* [PROBLEM TO WORK ON]
Every line below that holds the string "units" must be copied.

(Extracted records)
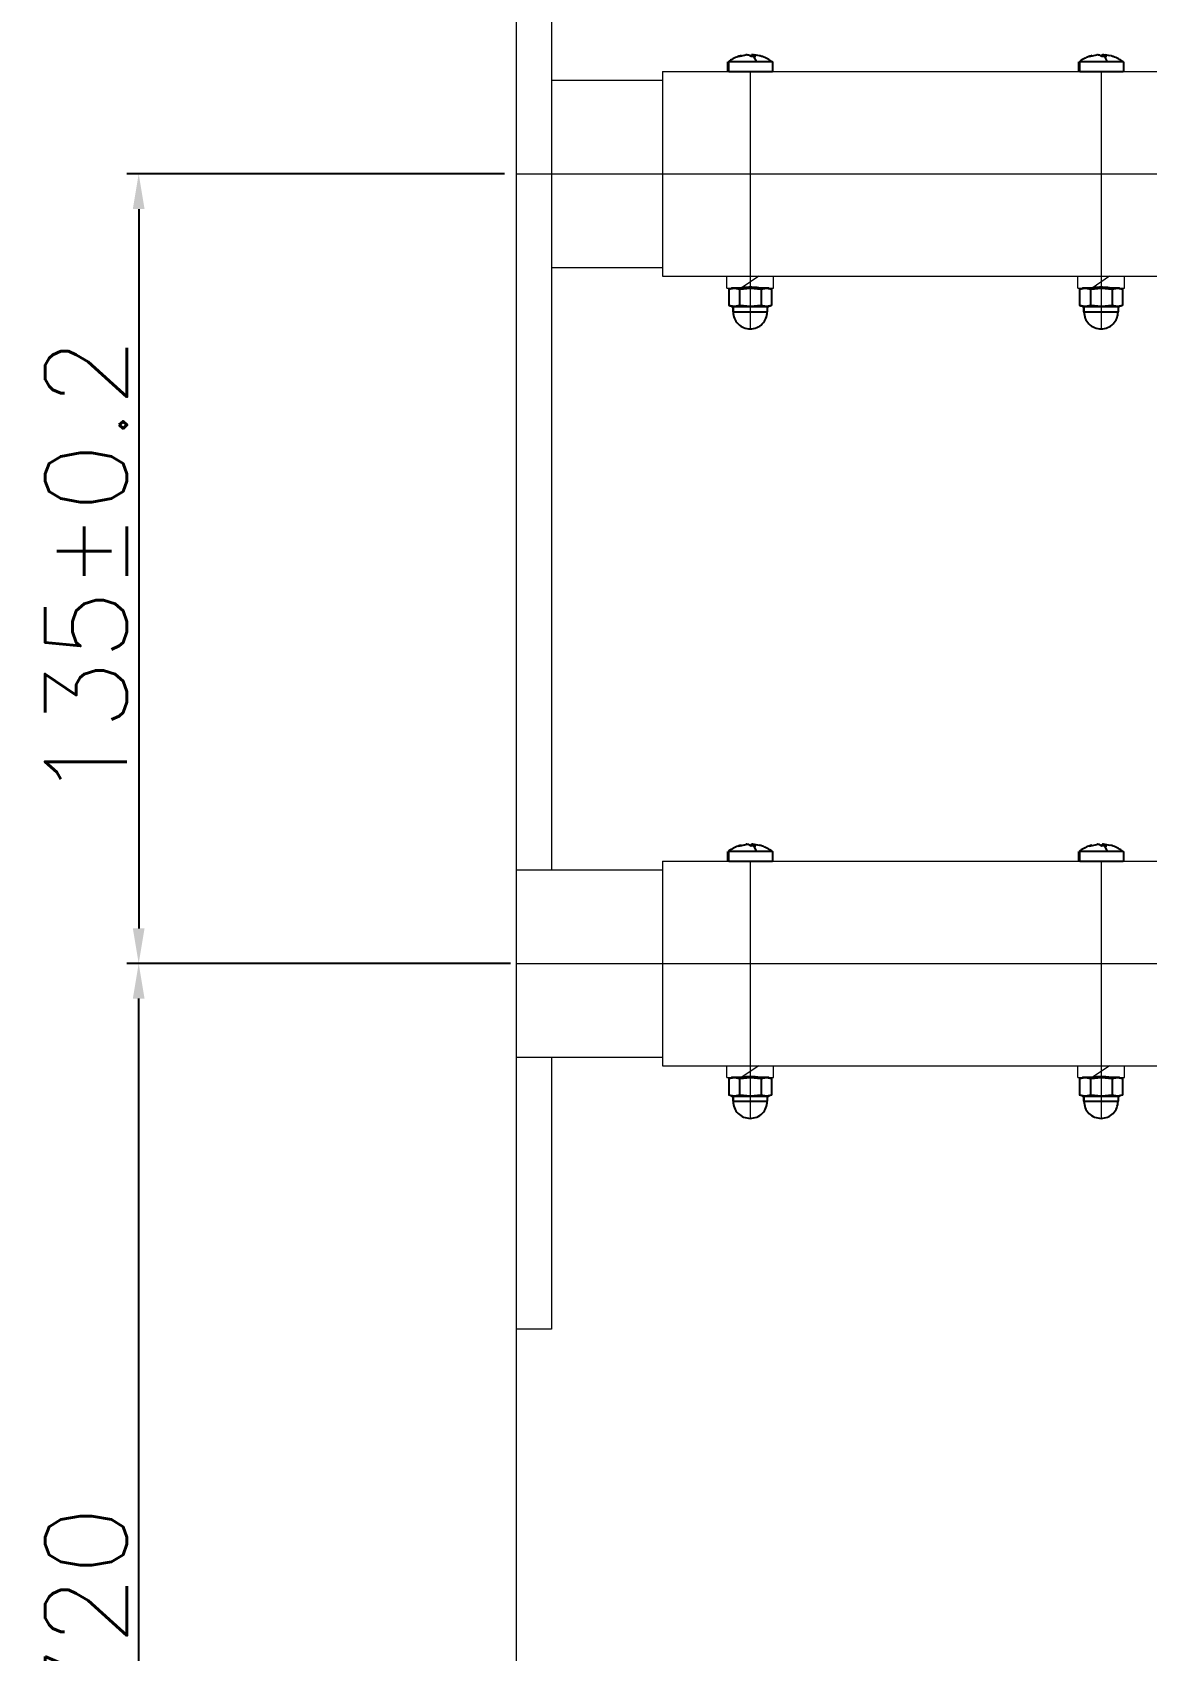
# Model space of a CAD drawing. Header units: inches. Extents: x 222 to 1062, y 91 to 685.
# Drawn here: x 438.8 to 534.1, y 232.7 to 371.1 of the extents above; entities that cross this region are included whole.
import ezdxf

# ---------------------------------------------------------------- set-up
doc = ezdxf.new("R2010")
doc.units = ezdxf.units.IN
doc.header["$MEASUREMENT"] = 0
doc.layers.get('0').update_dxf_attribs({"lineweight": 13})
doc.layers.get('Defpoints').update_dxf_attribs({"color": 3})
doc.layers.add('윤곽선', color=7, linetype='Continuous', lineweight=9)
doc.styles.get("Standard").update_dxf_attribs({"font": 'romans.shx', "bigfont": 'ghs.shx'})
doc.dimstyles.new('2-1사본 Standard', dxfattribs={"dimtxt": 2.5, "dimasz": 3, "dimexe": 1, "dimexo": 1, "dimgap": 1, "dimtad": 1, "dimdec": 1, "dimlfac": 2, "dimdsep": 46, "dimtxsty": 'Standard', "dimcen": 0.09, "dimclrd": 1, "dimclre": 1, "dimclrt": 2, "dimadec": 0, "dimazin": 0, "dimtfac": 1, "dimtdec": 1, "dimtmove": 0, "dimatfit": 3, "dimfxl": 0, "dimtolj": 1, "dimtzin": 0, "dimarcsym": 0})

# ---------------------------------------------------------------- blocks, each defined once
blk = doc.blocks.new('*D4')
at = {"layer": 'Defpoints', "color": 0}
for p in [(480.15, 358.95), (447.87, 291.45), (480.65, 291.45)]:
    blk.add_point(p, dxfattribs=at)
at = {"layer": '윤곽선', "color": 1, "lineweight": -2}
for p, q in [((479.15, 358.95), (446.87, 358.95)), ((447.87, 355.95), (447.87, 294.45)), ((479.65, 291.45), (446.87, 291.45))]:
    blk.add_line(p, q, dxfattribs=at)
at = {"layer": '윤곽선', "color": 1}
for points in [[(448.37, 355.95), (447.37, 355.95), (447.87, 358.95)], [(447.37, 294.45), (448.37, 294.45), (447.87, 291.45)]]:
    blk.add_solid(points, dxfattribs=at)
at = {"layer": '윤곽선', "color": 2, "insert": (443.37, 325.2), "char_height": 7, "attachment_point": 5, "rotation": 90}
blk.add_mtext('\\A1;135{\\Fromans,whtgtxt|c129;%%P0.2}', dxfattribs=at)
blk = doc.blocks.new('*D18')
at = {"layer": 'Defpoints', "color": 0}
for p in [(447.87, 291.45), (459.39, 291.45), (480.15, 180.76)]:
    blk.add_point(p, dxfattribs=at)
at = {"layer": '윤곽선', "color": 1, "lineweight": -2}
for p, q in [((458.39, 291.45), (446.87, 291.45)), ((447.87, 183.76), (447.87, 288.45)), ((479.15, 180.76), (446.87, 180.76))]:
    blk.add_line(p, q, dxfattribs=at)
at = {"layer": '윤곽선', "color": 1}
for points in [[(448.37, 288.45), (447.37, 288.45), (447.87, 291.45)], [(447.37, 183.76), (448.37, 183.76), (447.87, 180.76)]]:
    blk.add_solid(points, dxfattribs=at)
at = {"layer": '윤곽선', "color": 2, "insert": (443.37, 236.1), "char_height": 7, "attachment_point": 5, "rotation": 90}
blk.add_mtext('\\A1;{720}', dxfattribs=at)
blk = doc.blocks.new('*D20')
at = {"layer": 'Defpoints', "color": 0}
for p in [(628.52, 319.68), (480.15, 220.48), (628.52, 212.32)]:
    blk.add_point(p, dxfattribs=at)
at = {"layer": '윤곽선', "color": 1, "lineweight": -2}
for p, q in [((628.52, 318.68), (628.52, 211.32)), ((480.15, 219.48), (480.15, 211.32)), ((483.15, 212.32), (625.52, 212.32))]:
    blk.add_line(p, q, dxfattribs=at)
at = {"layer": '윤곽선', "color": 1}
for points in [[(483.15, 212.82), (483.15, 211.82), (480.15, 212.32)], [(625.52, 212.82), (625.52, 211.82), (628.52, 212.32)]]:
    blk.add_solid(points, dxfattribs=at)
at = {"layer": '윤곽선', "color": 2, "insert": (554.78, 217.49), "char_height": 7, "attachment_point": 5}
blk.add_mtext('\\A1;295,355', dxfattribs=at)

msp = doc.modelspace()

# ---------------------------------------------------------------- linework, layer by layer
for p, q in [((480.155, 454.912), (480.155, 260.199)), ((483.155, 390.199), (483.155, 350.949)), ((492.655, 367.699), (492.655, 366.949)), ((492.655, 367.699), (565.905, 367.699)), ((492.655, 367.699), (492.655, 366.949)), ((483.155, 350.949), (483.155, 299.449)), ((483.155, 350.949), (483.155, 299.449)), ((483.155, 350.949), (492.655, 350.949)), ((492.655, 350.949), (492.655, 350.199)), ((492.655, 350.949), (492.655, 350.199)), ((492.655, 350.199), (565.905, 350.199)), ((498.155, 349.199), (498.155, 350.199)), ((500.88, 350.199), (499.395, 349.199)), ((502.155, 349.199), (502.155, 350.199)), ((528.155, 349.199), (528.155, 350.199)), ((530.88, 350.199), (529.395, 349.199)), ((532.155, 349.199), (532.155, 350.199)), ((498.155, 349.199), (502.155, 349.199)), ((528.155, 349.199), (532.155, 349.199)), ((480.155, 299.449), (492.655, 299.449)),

* [REPLY]
# Model space of a CAD drawing. Header units: inches. Extents: x 222 to 1062, y 91 to 685.
doc.units = ezdxf.units.IN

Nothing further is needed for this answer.